Try it >> Reproduce exactly the lines from the one containing "-15.735029256), (-20.5218670475, -13.8621137596))" through the last line of the data, both ends included.

[Saved data entries]
********

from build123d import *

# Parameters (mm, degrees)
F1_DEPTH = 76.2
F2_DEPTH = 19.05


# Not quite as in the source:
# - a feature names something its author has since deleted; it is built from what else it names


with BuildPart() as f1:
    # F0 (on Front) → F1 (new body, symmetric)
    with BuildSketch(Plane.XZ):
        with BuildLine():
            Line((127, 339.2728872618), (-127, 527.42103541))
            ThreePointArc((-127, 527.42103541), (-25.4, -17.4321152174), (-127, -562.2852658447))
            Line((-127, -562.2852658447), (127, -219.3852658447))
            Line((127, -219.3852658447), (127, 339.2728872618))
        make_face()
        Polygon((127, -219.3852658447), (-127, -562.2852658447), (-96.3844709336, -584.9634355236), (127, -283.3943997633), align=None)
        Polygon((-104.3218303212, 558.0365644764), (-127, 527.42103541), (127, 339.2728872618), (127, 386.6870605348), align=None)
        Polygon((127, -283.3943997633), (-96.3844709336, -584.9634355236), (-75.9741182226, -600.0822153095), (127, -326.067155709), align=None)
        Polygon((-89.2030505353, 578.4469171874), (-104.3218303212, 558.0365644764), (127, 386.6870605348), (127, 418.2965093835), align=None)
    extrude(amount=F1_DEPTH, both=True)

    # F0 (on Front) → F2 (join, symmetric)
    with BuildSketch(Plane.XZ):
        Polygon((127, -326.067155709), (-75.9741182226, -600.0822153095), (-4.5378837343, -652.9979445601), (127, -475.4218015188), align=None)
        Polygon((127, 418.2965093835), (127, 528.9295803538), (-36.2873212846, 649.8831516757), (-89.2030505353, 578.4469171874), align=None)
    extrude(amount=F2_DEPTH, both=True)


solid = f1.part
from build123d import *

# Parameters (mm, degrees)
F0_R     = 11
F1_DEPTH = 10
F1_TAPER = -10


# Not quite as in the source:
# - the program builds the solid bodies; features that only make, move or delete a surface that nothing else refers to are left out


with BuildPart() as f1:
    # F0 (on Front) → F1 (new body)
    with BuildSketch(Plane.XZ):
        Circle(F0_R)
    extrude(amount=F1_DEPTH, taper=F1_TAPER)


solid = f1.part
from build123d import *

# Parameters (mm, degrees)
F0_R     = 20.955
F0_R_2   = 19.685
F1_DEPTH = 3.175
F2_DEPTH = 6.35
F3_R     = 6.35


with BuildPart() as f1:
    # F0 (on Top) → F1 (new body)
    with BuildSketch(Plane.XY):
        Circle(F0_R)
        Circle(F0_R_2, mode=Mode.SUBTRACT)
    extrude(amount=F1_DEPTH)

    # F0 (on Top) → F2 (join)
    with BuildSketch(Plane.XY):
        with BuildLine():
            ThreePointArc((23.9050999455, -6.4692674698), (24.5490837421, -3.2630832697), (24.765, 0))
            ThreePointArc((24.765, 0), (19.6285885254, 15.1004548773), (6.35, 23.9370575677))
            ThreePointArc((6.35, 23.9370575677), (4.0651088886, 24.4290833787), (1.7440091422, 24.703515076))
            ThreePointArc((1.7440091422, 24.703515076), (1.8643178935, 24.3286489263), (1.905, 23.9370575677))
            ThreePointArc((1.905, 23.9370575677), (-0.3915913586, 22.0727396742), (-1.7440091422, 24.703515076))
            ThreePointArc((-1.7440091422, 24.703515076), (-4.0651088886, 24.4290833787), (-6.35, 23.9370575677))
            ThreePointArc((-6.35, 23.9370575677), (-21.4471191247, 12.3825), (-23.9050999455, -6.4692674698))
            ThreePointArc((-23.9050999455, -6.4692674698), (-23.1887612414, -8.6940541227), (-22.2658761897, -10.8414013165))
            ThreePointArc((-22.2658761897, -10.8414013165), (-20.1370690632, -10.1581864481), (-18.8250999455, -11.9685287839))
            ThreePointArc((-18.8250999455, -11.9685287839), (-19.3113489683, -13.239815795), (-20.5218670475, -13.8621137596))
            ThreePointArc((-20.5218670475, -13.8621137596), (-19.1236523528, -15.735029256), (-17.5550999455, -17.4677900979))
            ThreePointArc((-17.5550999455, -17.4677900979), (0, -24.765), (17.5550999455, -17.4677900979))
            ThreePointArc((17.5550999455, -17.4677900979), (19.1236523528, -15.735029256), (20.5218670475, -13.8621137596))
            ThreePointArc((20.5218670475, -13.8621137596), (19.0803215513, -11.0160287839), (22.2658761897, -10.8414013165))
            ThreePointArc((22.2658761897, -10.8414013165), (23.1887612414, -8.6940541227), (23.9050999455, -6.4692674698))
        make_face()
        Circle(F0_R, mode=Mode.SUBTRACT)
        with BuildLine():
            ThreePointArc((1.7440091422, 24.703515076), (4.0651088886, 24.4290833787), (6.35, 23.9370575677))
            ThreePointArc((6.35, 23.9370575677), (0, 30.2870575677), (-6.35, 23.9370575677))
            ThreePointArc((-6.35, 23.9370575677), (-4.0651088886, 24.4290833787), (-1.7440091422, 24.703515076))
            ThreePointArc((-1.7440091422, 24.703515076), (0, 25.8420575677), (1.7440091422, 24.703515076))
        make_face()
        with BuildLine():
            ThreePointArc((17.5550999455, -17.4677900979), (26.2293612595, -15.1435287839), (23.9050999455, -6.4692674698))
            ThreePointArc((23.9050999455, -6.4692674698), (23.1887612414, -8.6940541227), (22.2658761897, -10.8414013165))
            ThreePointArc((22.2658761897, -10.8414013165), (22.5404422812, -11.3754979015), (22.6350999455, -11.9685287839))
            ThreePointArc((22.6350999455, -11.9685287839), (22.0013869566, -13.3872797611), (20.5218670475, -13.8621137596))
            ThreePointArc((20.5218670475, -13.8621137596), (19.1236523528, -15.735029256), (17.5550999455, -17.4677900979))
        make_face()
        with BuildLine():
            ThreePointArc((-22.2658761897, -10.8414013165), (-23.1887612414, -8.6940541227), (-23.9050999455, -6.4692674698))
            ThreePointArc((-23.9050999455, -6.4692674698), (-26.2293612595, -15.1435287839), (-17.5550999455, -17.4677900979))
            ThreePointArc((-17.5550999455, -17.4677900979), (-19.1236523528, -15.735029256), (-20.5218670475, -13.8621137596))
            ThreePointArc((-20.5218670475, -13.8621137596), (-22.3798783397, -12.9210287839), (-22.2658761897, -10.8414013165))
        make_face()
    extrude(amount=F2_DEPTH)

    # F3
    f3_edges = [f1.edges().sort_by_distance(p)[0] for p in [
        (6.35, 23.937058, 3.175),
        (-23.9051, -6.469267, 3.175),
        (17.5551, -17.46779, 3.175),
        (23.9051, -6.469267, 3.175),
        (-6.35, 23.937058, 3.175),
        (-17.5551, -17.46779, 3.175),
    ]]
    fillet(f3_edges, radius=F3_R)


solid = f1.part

********

Response to this exercise >>
            ThreePointArc((-17.5550999455, -17.4677900979), (-19.1236523528, -15.735029256), (-20.5218670475, -13.8621137596))
            ThreePointArc((-20.5218670475, -13.8621137596), (-22.3798783397, -12.9210287839), (-22.2658761897, -10.8414013165))
        make_face()
    extrude(amount=F2_DEPTH)

    # F3
    f3_edges = [f1.edges().sort_by_distance(p)[0] for p in [
        (6.35, 23.937058, 3.175),
        (-23.9051, -6.469267, 3.175),
        (17.5551, -17.46779, 3.175),
        (23.9051, -6.469267, 3.175),
        (-6.35, 23.937058, 3.175),
        (-17.5551, -17.46779, 3.175),
    ]]
    fillet(f3_edges, radius=F3_R)


solid = f1.part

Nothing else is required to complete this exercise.